■ Task data
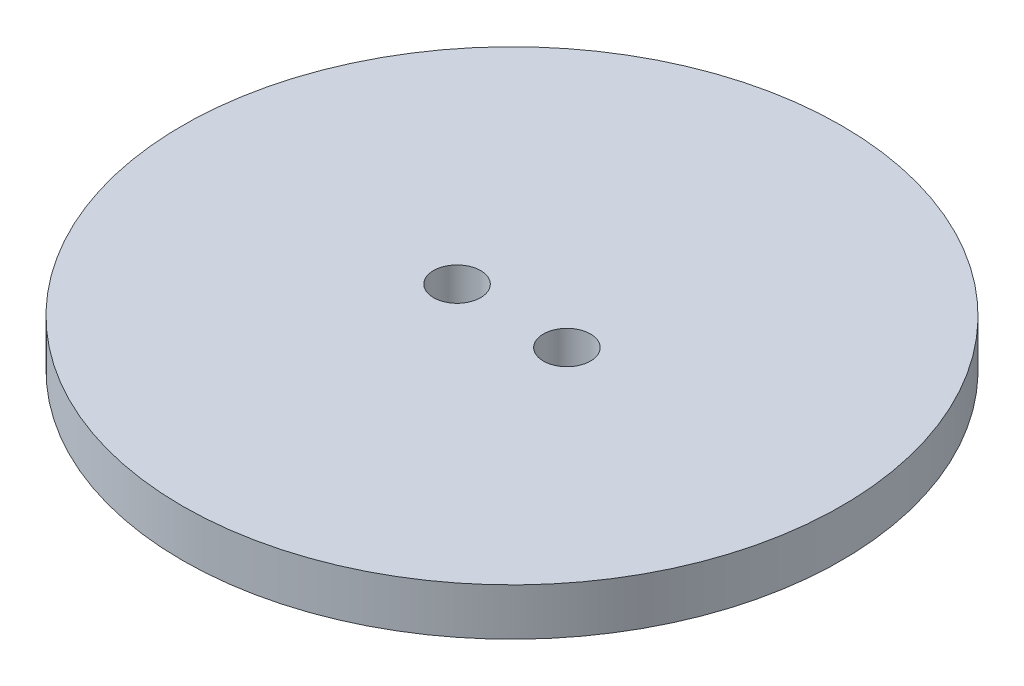
ISO-10303-21;
HEADER;
FILE_DESCRIPTION(('STEP AP214'),'2;1');
FILE_NAME('part.step','',(''),(''),'','','');
FILE_SCHEMA(('AUTOMOTIVE_DESIGN { 1 0 10303 214 1 1 1 1 }'));
ENDSEC;
DATA;
#1=APPLICATION_CONTEXT('core data for automotive mechanical design processes');
#2=APPLICATION_PROTOCOL_DEFINITION('international standard','automotive_design',2000,#1);
#3=PRODUCT_CONTEXT('',#1,'mechanical');
#4=PRODUCT('Part','Part','',(#3));
#5=PRODUCT_RELATED_PRODUCT_CATEGORY('part','',(#4));
#6=PRODUCT_DEFINITION_FORMATION('','',#4);
#7=PRODUCT_DEFINITION_CONTEXT('part definition',#1,'design');
#8=PRODUCT_DEFINITION('design','',#6,#7);
#9=PRODUCT_DEFINITION_SHAPE('','',#8);
#10=(LENGTH_UNIT() NAMED_UNIT(*) SI_UNIT(.MILLI.,.METRE.));
#11=(NAMED_UNIT(*) PLANE_ANGLE_UNIT() SI_UNIT($,.RADIAN.));
#12=(NAMED_UNIT(*) SI_UNIT($,.STERADIAN.) SOLID_ANGLE_UNIT());
#13=UNCERTAINTY_MEASURE_WITH_UNIT(LENGTH_MEASURE(1.E-05),#10,'distance_accuracy_value','');
#14=(GEOMETRIC_REPRESENTATION_CONTEXT(3) GLOBAL_UNCERTAINTY_ASSIGNED_CONTEXT((#13)) GLOBAL_UNIT_ASSIGNED_CONTEXT((#10,
#11,#12)) REPRESENTATION_CONTEXT('',''));
#15=CARTESIAN_POINT('',(0.,0.,0.));
#16=DIRECTION('',(0.,0.,1.));
#17=DIRECTION('',(1.,0.,0.));
#18=AXIS2_PLACEMENT_3D('',#15,#16,#17);
#19=CARTESIAN_POINT('',(0.,3.,0.));
#20=DIRECTION('',(0.,1.,0.));
#21=DIRECTION('',(0.,0.,1.));
#22=AXIS2_PLACEMENT_3D('',#19,#20,#21);
#23=PLANE('',#22);
#24=CARTESIAN_POINT('',(-3.5,3.,0.));
#25=DIRECTION('',(0.,1.,0.));
#26=DIRECTION('',(0.,0.,1.));
#27=AXIS2_PLACEMENT_3D('',#24,#25,#26);
#28=CIRCLE('',#27,1.5);
#29=CARTESIAN_POINT('',(-3.5,3.,1.5));
#30=VERTEX_POINT('',#29);
#31=EDGE_CURVE('E44',#30,#30,#28,.T.);
#32=ORIENTED_EDGE('',*,*,#31,.F.);
#33=EDGE_LOOP('',(#32));
#34=FACE_BOUND('',#33,.T.);
#35=CARTESIAN_POINT('',(0.,3.,0.));
#36=DIRECTION('',(0.,1.,0.));
#37=DIRECTION('',(0.,0.,1.));
#38=AXIS2_PLACEMENT_3D('',#35,#36,#37);
#39=CIRCLE('',#38,21.);
#40=CARTESIAN_POINT('',(0.,3.,21.));
#41=VERTEX_POINT('',#40);
#42=EDGE_CURVE('E10',#41,#41,#39,.T.);
#43=ORIENTED_EDGE('',*,*,#42,.T.);
#44=EDGE_LOOP('',(#43));
#45=FACE_BOUND('',#44,.T.);
#46=CARTESIAN_POINT('',(3.5,3.,0.));
#47=DIRECTION('',(0.,1.,0.));
#48=DIRECTION('',(0.,0.,1.));
#49=AXIS2_PLACEMENT_3D('',#46,#47,#48);
#50=CIRCLE('',#49,1.5);
#51=CARTESIAN_POINT('',(3.5,3.,1.5));
#52=VERTEX_POINT('',#51);
#53=EDGE_CURVE('E49',#52,#52,#50,.T.);
#54=ORIENTED_EDGE('',*,*,#53,.F.);
#55=EDGE_LOOP('',(#54));
#56=FACE_BOUND('',#55,.T.);
#57=ADVANCED_FACE('F33',(#34,#45,#56),#23,.T.);
#58=CARTESIAN_POINT('',(0.,0.,0.));
#59=DIRECTION('',(0.,1.,0.));
#60=DIRECTION('',(0.,0.,1.));
#61=AXIS2_PLACEMENT_3D('',#58,#59,#60);
#62=PLANE('',#61);
#63=CARTESIAN_POINT('',(0.,0.,0.));
#64=DIRECTION('',(0.,1.,0.));
#65=DIRECTION('',(0.,0.,1.));
#66=AXIS2_PLACEMENT_3D('',#63,#64,#65);
#67=CIRCLE('',#66,21.);
#68=CARTESIAN_POINT('',(0.,0.,21.));
#69=VERTEX_POINT('',#68);
#70=EDGE_CURVE('E37',#69,#69,#67,.T.);
#71=ORIENTED_EDGE('',*,*,#70,.F.);
#72=EDGE_LOOP('',(#71));
#73=FACE_BOUND('',#72,.T.);
#74=CARTESIAN_POINT('',(-3.5,0.,0.));
#75=DIRECTION('',(0.,1.,0.));
#76=DIRECTION('',(0.,0.,1.));
#77=AXIS2_PLACEMENT_3D('',#74,#75,#76);
#78=CIRCLE('',#77,1.5);
#79=CARTESIAN_POINT('',(-3.5,0.,1.5));
#80=VERTEX_POINT('',#79);
#81=EDGE_CURVE('E46',#80,#80,#78,.T.);
#82=ORIENTED_EDGE('',*,*,#81,.T.);
#83=EDGE_LOOP('',(#82));
#84=FACE_BOUND('',#83,.T.);
#85=CARTESIAN_POINT('',(3.5,0.,0.));
#86=DIRECTION('',(0.,1.,0.));
#87=DIRECTION('',(0.,0.,1.));
#88=AXIS2_PLACEMENT_3D('',#85,#86,#87);
#89=CIRCLE('',#88,1.5);
#90=CARTESIAN_POINT('',(3.5,0.,1.5));
#91=VERTEX_POINT('',#90);
#92=EDGE_CURVE('E52',#91,#91,#89,.T.);
#93=ORIENTED_EDGE('',*,*,#92,.T.);
#94=EDGE_LOOP('',(#93));
#95=FACE_BOUND('',#94,.T.);
#96=ADVANCED_FACE('F62',(#73,#84,#95),#62,.F.);
#97=CARTESIAN_POINT('',(0.,3.,0.));
#98=DIRECTION('',(0.,-1.,0.));
#99=DIRECTION('',(0.,0.,-1.));
#100=AXIS2_PLACEMENT_3D('',#97,#98,#99);
#101=CYLINDRICAL_SURFACE('',#100,21.);
#102=ORIENTED_EDGE('',*,*,#42,.F.);
#103=EDGE_LOOP('',(#102));
#104=FACE_BOUND('',#103,.T.);
#105=ORIENTED_EDGE('',*,*,#70,.T.);
#106=EDGE_LOOP('',(#105));
#107=FACE_BOUND('',#106,.T.);
#108=ADVANCED_FACE('F35',(#104,#107),#101,.T.);
#109=CARTESIAN_POINT('',(-3.5,3.,0.));
#110=DIRECTION('',(0.,-1.,0.));
#111=DIRECTION('',(0.,0.,-1.));
#112=AXIS2_PLACEMENT_3D('',#109,#110,#111);
#113=CYLINDRICAL_SURFACE('',#112,1.5);
#114=ORIENTED_EDGE('',*,*,#31,.T.);
#115=EDGE_LOOP('',(#114));
#116=FACE_BOUND('',#115,.T.);
#117=ORIENTED_EDGE('',*,*,#81,.F.);
#118=EDGE_LOOP('',(#117));
#119=FACE_BOUND('',#118,.T.);
#120=ADVANCED_FACE('F71',(#116,#119),#113,.F.);
#121=CARTESIAN_POINT('',(3.5,3.,0.));
#122=DIRECTION('',(0.,-1.,0.));
#123=DIRECTION('',(0.,0.,-1.));
#124=AXIS2_PLACEMENT_3D('',#121,#122,#123);
#125=CYLINDRICAL_SURFACE('',#124,1.5);
#126=ORIENTED_EDGE('',*,*,#53,.T.);
#127=EDGE_LOOP('',(#126));
#128=FACE_BOUND('',#127,.T.);
#129=ORIENTED_EDGE('',*,*,#92,.F.);
#130=EDGE_LOOP('',(#129));
#131=FACE_BOUND('',#130,.T.);
#132=ADVANCED_FACE('F58',(#128,#131),#125,.F.);
#133=CLOSED_SHELL('',(#57,#96,#108,#120,#132));
#134=MANIFOLD_SOLID_BREP('B2',#133);
#135=ADVANCED_BREP_SHAPE_REPRESENTATION('',(#18,#134),#14);
#136=SHAPE_DEFINITION_REPRESENTATION(#9,#135);
ENDSEC;
END-ISO-10303-21;

■ Activity
Please write out exactly, and only, the lines from the beginning of the entries through the line containing "#1=APPLICATION_CONTEXT('core data for", including both and skipping all pictures.

■ Response
ISO-10303-21;
HEADER;
FILE_DESCRIPTION(('STEP AP214'),'2;1');
FILE_NAME('part.step','',(''),(''),'','','');
FILE_SCHEMA(('AUTOMOTIVE_DESIGN { 1 0 10303 214 1 1 1 1 }'));
ENDSEC;
DATA;
#1=APPLICATION_CONTEXT('core data for automotive mechanical design processes');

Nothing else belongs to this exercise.